_What to do_
Within the records below is a range that opens at the line with "(GPIO4/TOUCH4/ADC1_CH3); also elsewhere on the board" and closes at the line with "(GPIO5/TOUCH5/ADC1_CH4); also elsewhere on the board". Return that range word for word, both ends included, and only that range.

_Input_
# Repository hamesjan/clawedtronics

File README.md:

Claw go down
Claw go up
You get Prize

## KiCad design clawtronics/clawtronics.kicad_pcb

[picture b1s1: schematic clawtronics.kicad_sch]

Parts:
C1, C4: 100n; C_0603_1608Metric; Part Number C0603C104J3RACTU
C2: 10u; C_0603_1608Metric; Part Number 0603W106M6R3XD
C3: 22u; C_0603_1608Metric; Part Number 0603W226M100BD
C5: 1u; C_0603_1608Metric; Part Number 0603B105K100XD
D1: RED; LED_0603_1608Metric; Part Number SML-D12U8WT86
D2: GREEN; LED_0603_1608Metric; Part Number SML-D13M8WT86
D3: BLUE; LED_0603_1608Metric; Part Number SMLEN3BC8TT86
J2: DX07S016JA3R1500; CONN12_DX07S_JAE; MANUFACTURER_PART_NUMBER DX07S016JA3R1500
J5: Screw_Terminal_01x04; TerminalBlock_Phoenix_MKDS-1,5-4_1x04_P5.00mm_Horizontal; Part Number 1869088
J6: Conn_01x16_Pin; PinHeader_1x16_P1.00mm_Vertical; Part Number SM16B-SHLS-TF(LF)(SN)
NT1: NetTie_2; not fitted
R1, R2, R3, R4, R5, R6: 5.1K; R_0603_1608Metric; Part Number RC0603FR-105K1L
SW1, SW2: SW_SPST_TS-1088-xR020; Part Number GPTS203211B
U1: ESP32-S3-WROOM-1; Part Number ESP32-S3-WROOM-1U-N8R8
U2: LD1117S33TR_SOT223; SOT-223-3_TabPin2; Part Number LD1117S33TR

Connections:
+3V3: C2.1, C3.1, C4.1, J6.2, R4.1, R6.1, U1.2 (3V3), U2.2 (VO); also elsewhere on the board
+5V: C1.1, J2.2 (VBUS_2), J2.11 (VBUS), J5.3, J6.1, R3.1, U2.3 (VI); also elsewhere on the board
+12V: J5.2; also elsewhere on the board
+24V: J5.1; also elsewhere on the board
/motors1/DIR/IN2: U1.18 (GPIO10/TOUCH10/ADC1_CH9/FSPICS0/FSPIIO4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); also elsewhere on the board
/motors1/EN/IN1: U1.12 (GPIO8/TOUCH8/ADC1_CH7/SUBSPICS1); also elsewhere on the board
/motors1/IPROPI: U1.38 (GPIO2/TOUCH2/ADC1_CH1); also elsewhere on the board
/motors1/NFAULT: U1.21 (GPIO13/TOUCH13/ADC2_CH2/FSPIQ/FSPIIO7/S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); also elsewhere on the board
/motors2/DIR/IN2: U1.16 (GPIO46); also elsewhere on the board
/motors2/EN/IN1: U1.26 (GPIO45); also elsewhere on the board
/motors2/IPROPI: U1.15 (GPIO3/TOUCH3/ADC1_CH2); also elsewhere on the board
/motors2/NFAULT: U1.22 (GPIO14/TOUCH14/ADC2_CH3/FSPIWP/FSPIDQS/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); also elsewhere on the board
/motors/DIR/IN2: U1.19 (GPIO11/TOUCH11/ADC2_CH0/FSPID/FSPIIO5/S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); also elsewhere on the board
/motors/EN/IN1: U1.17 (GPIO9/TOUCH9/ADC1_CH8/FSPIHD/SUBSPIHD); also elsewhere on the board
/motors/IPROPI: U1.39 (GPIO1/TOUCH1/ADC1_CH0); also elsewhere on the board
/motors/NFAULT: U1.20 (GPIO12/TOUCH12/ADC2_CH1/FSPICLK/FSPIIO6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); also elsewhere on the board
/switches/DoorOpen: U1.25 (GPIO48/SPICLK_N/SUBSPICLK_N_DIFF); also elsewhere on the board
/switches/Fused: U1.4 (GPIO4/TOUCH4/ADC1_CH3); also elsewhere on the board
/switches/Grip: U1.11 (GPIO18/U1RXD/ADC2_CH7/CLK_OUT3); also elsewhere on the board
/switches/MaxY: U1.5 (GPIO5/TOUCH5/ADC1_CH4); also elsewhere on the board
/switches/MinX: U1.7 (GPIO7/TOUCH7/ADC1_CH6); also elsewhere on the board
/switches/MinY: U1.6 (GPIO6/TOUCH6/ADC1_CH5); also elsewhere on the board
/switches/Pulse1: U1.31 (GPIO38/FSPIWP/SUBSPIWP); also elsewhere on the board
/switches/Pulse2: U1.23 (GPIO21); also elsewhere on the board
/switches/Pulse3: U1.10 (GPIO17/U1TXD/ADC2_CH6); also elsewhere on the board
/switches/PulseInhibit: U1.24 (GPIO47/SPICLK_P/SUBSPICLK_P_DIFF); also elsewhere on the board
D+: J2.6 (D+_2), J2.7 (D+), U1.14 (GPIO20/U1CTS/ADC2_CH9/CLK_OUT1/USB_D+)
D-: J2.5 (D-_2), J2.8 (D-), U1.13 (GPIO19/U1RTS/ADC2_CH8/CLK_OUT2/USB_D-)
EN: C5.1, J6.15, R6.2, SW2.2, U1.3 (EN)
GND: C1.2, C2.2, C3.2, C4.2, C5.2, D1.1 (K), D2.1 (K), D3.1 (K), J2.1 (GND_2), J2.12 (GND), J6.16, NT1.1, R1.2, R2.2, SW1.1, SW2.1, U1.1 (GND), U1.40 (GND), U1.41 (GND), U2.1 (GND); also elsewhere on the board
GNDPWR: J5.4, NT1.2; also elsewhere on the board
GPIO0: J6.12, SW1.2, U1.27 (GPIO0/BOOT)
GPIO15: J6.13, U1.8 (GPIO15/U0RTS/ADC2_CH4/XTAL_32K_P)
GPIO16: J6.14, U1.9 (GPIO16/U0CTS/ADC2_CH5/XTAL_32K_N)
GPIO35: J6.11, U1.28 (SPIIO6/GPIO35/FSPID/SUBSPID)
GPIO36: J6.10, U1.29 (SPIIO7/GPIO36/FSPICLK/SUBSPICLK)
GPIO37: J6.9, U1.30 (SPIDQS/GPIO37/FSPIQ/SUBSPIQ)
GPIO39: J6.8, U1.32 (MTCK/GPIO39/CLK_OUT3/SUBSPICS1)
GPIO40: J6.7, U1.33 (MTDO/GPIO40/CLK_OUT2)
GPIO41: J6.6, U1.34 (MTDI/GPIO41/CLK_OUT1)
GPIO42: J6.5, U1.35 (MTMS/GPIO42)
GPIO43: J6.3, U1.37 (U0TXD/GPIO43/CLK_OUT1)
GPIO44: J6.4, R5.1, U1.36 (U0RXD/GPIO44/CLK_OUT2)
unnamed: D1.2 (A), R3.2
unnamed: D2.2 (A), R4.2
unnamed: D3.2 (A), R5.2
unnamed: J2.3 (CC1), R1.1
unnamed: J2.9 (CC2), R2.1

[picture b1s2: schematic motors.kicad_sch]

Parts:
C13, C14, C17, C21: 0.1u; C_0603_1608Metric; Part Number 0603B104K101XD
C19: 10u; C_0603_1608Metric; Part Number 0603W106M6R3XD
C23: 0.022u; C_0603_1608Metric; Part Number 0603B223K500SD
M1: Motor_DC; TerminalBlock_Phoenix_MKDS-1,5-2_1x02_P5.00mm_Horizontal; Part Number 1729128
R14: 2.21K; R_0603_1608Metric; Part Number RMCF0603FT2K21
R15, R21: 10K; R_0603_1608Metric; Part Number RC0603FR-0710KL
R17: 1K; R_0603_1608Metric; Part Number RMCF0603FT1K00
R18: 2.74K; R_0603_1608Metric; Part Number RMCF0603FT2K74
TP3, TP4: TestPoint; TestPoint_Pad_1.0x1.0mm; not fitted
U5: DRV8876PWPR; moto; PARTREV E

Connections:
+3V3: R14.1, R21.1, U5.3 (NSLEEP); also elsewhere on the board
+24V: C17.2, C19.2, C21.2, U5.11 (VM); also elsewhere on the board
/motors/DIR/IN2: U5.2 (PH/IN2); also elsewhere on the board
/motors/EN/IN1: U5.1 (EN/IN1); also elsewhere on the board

_Result_
/switches/Fused: U1.4 (GPIO4/TOUCH4/ADC1_CH3); also elsewhere on the board
/switches/Grip: U1.11 (GPIO18/U1RXD/ADC2_CH7/CLK_OUT3); also elsewhere on the board
/switches/MaxY: U1.5 (GPIO5/TOUCH5/ADC1_CH4); also elsewhere on the board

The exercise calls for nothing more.